Now, Make an object using the full frogarms data

gg.frogarms <- ggboxplot(data = frogarms, #use original data
          y = "mass",
          x = "sex")

Now plot both using the plot_grid() function from the handy cowplot package.

plot_grid(gg.my.frogs,
          gg.frogarms)

Add labels. Note that alignment is off sometimes.

plot_grid(gg.my.frogs, 
          gg.frogarms,
          labels = c("a)My fogs","b)All the frogs"))

17.2.10 Violin plots

An interesting alternative to boxplot that works well with large data is the violin plot

ggviolin(data = frogarms, #use original data
          y = "mass",
          x = "sex")


17.2.11 Optional: Histograms [0]

The following is optional

Histograms are excellent for data exploration. They generally work best with medium to large datasets.

A basic histogram can be made using gghistogram(). Note that there is “x = …” but no “y = …”; the y-axis is computed by the graphing function.

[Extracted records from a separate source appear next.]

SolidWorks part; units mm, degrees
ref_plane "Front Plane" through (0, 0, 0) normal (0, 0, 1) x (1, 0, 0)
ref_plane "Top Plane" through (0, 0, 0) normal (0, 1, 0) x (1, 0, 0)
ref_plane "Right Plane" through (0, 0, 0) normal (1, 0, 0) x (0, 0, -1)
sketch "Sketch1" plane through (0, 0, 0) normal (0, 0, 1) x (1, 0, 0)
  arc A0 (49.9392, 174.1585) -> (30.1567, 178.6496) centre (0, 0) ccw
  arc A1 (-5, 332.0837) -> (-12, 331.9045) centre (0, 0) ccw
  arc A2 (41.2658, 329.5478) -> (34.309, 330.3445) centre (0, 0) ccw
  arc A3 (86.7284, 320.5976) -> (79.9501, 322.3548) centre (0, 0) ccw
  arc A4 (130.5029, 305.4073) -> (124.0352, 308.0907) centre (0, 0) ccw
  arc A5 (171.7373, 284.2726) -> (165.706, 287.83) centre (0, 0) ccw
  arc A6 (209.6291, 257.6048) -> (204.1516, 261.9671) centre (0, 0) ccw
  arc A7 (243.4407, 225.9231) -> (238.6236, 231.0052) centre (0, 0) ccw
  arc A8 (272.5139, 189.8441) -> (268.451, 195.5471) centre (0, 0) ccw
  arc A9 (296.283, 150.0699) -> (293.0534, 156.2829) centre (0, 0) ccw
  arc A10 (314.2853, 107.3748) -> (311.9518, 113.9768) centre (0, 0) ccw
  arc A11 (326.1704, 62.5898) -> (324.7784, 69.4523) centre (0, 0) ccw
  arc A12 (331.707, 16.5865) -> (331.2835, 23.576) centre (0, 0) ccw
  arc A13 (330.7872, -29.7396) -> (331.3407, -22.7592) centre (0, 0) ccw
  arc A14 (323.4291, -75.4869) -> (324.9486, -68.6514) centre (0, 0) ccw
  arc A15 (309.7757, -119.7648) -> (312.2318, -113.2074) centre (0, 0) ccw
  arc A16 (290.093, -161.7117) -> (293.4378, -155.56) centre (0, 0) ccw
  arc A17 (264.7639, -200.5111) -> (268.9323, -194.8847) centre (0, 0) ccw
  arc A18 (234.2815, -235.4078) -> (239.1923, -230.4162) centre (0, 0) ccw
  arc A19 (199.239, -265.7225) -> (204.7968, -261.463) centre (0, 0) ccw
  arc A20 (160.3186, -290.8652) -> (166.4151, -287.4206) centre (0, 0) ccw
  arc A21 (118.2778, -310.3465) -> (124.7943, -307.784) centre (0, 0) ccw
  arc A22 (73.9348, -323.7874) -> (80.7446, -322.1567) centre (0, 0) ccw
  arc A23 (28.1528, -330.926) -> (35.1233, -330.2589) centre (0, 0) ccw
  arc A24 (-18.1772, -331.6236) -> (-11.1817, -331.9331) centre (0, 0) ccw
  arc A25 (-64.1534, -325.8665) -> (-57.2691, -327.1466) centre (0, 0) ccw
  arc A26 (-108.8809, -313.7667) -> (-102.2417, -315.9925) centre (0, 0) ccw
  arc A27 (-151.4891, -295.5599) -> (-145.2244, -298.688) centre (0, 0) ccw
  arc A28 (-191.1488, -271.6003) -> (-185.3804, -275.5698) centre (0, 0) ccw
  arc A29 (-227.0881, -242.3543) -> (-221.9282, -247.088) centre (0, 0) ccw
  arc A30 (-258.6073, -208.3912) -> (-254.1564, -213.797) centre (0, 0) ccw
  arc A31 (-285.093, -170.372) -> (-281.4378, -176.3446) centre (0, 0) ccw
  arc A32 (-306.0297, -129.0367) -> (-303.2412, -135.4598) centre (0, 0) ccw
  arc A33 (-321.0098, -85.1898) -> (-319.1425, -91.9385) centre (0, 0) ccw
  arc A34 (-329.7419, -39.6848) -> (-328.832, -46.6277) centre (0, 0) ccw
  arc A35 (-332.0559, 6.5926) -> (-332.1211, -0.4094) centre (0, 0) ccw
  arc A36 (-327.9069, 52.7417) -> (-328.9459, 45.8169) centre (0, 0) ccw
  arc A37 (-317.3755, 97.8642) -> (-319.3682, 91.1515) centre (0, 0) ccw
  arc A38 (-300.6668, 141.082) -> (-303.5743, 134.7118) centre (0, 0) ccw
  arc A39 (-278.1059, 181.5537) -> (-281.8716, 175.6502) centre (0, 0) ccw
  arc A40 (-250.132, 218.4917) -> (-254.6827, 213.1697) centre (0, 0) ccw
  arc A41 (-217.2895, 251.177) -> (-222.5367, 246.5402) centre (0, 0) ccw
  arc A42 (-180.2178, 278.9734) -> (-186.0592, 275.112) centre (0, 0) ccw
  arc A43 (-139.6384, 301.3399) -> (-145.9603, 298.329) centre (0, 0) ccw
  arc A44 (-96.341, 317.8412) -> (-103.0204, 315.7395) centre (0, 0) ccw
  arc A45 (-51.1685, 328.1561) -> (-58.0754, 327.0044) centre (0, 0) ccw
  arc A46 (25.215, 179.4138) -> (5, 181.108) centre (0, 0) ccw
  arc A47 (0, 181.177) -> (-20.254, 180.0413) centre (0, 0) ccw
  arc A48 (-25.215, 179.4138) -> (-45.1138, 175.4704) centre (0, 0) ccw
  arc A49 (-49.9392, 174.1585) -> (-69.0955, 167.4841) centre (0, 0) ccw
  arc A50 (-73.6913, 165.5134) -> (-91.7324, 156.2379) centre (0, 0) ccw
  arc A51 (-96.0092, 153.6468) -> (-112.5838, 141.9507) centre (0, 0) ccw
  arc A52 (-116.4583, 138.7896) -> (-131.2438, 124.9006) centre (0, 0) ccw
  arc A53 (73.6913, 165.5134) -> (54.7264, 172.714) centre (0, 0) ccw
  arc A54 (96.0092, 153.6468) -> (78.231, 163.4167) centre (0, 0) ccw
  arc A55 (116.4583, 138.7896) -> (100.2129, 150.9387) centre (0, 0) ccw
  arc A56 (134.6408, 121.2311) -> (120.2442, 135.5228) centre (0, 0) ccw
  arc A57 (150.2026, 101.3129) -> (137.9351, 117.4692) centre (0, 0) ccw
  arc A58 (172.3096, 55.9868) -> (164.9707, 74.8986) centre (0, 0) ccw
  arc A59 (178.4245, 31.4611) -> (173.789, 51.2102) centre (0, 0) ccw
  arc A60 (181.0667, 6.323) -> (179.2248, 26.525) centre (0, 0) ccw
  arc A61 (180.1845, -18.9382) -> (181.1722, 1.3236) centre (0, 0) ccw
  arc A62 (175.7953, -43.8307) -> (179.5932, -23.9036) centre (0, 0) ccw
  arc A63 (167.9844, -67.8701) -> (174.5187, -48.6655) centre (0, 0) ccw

gghistogram(data = my.frogs, 
            x = "mass")

A key concept for ggplot is faceting. Faceting occurring when a two panels of plots are made from a single dataset, and the panels are split by a categorical variable. We can add the arguement “facet.by.by = sex” to make 2 panels, one for female and one for male. Note that because there are only 10 frogs in each group, the graphs aren’t very useful.

gghistogram(data = my.frogs, 
            x = "mass",
            facet.by = "sex")

Just as we did for histograms we can change the fill, add a title, etc.